TASK DIRECTIONS -
Repeat verbatim, and only, the lines of the data below, beginning at the line that contains "#16=DIRECTION('',(0.,0.,1.));" and stopping after the line that contains "#53=EDGE_CURVE('E182',#52,#52,#50,.T.);".

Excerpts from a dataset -
##########

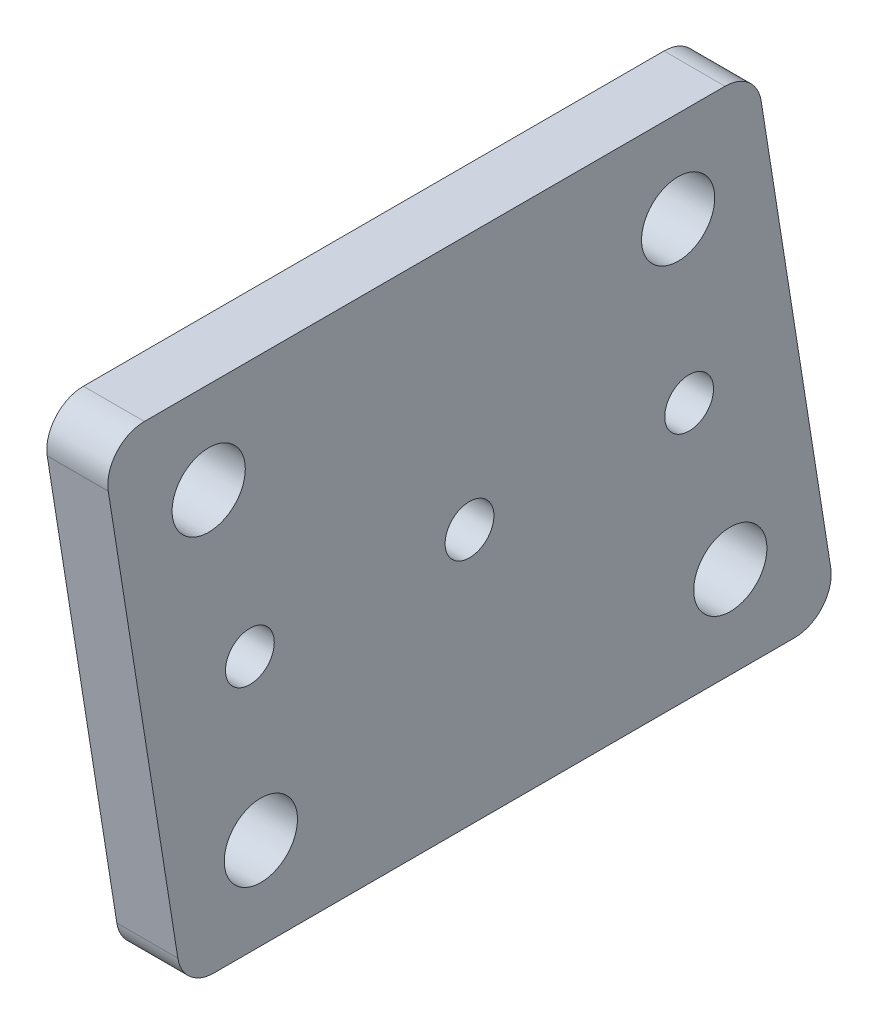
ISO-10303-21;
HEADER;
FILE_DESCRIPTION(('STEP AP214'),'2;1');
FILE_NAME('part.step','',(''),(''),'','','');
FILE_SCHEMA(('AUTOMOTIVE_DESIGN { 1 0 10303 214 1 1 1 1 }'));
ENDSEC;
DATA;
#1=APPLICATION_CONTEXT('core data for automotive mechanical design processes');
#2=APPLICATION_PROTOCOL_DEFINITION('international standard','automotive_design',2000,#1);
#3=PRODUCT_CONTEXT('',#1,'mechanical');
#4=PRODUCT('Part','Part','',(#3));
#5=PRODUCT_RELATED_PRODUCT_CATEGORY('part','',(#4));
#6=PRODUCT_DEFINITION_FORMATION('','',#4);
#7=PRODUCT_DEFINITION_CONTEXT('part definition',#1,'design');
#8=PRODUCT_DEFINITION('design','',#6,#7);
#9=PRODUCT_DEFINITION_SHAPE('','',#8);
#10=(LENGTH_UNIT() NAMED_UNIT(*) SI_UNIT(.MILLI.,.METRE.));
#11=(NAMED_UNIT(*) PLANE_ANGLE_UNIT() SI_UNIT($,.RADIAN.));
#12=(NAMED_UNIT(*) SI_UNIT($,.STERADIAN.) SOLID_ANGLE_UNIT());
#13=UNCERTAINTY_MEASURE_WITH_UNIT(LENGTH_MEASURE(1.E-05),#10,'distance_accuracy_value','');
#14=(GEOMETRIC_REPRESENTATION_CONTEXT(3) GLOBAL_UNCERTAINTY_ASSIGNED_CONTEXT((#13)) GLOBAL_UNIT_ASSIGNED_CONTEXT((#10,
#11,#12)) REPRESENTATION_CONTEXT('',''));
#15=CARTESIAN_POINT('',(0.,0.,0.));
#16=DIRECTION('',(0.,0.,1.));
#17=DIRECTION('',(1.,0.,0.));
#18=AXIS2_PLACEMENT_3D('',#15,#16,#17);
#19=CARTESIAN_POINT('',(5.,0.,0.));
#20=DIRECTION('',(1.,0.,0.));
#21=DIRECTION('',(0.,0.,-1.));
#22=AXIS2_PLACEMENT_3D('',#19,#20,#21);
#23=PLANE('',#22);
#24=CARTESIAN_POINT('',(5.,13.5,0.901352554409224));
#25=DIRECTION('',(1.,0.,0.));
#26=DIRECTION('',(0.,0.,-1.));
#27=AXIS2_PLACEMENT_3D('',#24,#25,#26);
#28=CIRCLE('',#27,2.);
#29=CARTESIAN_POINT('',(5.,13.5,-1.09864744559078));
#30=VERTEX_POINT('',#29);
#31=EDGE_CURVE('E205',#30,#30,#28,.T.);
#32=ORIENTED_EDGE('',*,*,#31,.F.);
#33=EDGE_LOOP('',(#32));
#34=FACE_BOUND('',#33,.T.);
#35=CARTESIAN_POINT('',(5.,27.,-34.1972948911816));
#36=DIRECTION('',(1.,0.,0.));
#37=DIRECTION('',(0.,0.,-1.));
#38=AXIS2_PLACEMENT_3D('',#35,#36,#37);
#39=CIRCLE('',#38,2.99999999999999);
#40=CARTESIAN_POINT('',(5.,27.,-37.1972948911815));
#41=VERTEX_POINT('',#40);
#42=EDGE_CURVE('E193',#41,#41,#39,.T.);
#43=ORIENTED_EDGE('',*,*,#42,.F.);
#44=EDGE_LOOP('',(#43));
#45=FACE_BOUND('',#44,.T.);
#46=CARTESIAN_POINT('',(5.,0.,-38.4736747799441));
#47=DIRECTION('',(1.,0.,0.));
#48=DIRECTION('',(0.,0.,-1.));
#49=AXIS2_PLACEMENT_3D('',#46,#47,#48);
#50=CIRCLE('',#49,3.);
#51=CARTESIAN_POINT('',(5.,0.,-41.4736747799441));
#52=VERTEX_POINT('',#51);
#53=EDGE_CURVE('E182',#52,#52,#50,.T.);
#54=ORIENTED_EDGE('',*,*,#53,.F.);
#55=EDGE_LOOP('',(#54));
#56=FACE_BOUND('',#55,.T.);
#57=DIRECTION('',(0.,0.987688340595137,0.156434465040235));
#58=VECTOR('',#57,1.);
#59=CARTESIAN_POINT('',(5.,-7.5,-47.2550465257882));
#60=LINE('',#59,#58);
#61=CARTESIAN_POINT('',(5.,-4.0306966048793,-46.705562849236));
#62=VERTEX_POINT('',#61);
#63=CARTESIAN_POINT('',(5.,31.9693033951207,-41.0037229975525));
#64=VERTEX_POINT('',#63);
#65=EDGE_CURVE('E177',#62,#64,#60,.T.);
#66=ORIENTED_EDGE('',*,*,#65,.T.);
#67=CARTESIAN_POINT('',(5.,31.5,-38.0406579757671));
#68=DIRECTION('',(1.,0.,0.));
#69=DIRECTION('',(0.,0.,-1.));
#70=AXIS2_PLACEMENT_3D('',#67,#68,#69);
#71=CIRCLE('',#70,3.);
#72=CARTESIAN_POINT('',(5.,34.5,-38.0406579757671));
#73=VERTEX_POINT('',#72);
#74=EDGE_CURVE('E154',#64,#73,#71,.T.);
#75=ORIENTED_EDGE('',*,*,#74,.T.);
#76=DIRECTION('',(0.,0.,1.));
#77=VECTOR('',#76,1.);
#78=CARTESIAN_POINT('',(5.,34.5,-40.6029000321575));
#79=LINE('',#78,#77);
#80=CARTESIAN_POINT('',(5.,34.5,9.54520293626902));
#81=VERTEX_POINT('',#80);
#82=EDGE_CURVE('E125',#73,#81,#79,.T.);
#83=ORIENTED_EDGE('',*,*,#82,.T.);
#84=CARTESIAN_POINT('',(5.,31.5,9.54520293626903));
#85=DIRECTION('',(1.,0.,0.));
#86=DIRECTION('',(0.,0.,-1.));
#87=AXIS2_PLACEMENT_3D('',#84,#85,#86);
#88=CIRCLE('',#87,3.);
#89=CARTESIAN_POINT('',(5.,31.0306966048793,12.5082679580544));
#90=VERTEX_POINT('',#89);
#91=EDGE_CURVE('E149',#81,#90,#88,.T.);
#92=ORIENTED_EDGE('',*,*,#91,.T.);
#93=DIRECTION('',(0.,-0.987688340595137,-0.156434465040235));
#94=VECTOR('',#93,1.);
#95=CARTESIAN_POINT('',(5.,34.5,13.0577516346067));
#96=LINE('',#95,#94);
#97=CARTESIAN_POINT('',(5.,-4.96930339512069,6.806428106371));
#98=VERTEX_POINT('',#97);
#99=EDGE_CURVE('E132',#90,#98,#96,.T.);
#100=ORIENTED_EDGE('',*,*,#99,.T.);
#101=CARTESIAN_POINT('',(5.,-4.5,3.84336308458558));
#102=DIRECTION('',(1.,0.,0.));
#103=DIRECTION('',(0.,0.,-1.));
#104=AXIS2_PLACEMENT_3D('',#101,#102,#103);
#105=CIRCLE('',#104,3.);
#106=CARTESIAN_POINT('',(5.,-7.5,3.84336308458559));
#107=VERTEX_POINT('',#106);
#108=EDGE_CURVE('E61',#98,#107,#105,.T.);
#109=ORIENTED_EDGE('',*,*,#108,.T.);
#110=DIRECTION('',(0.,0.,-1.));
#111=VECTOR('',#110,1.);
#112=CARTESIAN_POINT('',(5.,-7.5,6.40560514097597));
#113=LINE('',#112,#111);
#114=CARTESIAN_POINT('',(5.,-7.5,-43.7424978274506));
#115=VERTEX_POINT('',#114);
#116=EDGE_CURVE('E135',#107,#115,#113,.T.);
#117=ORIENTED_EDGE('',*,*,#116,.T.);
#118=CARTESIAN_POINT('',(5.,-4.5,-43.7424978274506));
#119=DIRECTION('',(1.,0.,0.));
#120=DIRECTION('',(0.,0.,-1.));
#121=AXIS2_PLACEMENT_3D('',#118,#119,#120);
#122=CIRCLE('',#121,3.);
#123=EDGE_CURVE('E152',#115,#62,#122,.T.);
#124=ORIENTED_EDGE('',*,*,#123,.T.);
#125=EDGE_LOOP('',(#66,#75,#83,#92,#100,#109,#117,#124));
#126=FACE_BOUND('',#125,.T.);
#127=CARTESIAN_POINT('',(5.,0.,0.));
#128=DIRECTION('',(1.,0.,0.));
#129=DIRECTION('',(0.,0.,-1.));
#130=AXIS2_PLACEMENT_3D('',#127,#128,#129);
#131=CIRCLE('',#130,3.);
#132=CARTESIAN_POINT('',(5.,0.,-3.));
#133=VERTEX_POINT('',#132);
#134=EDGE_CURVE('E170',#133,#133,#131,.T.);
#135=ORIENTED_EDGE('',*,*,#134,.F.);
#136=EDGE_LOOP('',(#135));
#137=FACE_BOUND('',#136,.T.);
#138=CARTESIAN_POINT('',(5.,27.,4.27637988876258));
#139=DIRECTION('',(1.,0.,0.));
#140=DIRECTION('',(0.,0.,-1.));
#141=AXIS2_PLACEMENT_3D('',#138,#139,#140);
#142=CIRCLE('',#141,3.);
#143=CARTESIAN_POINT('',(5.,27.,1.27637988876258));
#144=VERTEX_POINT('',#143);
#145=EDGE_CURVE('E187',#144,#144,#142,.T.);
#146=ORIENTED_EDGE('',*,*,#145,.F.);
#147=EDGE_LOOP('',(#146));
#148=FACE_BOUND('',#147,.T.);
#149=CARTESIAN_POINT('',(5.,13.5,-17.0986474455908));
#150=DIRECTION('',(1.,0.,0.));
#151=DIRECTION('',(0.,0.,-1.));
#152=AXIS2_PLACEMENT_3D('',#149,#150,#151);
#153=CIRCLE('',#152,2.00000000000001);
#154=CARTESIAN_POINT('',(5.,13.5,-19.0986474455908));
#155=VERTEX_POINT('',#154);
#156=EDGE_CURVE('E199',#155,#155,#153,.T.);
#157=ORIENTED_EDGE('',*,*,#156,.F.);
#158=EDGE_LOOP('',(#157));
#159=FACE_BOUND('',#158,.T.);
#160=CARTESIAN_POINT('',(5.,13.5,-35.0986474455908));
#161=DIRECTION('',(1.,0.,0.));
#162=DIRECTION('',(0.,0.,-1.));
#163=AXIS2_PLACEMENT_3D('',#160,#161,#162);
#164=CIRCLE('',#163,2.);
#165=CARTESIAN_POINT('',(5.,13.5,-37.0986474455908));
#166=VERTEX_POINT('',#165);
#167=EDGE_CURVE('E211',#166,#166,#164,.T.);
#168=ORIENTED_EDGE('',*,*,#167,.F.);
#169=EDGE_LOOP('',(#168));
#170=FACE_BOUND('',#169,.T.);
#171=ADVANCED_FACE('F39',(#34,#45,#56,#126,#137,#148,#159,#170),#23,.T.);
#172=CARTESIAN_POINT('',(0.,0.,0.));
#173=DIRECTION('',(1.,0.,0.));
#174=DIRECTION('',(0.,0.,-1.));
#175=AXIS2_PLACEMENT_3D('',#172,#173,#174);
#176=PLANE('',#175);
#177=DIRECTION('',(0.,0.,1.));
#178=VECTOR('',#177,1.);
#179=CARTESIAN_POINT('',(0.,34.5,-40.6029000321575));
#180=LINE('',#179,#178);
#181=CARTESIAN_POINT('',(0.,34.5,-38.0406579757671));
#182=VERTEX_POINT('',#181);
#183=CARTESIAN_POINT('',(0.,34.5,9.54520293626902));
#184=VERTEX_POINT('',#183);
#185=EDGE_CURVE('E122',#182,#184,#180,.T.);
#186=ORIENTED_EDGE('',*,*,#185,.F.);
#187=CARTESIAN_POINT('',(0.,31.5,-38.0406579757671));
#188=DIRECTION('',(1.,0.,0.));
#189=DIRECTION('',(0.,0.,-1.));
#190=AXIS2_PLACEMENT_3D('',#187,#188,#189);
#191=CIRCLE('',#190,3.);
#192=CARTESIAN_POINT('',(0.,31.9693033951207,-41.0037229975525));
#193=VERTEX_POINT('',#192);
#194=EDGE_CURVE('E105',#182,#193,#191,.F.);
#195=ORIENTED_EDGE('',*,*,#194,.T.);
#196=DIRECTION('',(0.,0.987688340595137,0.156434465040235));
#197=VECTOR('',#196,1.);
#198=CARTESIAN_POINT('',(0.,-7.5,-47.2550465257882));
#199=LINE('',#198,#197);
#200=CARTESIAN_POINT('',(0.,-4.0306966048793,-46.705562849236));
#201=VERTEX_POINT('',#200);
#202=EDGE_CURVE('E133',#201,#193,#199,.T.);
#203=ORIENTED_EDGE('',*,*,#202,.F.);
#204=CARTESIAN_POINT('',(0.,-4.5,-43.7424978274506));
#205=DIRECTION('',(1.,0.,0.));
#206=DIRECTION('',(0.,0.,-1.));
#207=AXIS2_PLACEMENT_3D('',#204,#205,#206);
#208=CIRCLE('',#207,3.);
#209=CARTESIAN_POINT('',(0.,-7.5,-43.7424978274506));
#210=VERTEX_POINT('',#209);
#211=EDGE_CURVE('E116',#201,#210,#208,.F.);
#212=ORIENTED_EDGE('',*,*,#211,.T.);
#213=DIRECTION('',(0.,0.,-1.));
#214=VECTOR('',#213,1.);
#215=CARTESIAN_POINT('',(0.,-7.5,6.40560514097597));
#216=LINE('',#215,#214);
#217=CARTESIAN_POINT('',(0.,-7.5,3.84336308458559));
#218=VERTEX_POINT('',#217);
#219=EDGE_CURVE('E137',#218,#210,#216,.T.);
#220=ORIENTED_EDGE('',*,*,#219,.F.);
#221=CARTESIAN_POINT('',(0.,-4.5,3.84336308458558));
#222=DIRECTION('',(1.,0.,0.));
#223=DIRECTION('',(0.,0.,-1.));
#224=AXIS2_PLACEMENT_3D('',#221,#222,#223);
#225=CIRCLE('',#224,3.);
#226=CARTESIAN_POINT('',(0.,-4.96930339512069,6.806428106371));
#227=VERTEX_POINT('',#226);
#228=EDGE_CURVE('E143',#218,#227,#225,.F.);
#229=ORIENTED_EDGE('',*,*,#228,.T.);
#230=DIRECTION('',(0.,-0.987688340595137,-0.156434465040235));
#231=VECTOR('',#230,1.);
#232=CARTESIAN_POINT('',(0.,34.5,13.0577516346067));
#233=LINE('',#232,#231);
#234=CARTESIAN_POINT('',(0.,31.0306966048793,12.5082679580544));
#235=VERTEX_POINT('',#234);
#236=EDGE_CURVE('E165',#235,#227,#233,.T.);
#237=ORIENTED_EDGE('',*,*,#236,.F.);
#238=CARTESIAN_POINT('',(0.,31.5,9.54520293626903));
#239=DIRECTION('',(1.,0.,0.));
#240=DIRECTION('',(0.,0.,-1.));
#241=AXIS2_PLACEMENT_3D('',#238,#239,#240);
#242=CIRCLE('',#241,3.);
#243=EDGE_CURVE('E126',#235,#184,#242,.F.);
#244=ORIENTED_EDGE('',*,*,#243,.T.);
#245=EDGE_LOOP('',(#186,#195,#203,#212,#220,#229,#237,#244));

##########

TASK ANSWER -
#16=DIRECTION('',(0.,0.,1.));
#17=DIRECTION('',(1.,0.,0.));
#18=AXIS2_PLACEMENT_3D('',#15,#16,#17);
#19=CARTESIAN_POINT('',(5.,0.,0.));
#20=DIRECTION('',(1.,0.,0.));
#21=DIRECTION('',(0.,0.,-1.));
#22=AXIS2_PLACEMENT_3D('',#19,#20,#21);
#23=PLANE('',#22);
#24=CARTESIAN_POINT('',(5.,13.5,0.901352554409224));
#25=DIRECTION('',(1.,0.,0.));
#26=DIRECTION('',(0.,0.,-1.));
#27=AXIS2_PLACEMENT_3D('',#24,#25,#26);
#28=CIRCLE('',#27,2.);
#29=CARTESIAN_POINT('',(5.,13.5,-1.09864744559078));
#30=VERTEX_POINT('',#29);
#31=EDGE_CURVE('E205',#30,#30,#28,.T.);
#32=ORIENTED_EDGE('',*,*,#31,.F.);
#33=EDGE_LOOP('',(#32));
#34=FACE_BOUND('',#33,.T.);
#35=CARTESIAN_POINT('',(5.,27.,-34.1972948911816));
#36=DIRECTION('',(1.,0.,0.));
#37=DIRECTION('',(0.,0.,-1.));
#38=AXIS2_PLACEMENT_3D('',#35,#36,#37);
#39=CIRCLE('',#38,2.99999999999999);
#40=CARTESIAN_POINT('',(5.,27.,-37.1972948911815));
#41=VERTEX_POINT('',#40);
#42=EDGE_CURVE('E193',#41,#41,#39,.T.);
#43=ORIENTED_EDGE('',*,*,#42,.F.);
#44=EDGE_LOOP('',(#43));
#45=FACE_BOUND('',#44,.T.);
#46=CARTESIAN_POINT('',(5.,0.,-38.4736747799441));
#47=DIRECTION('',(1.,0.,0.));
#48=DIRECTION('',(0.,0.,-1.));
#49=AXIS2_PLACEMENT_3D('',#46,#47,#48);
#50=CIRCLE('',#49,3.);
#51=CARTESIAN_POINT('',(5.,0.,-41.4736747799441));
#52=VERTEX_POINT('',#51);
#53=EDGE_CURVE('E182',#52,#52,#50,.T.);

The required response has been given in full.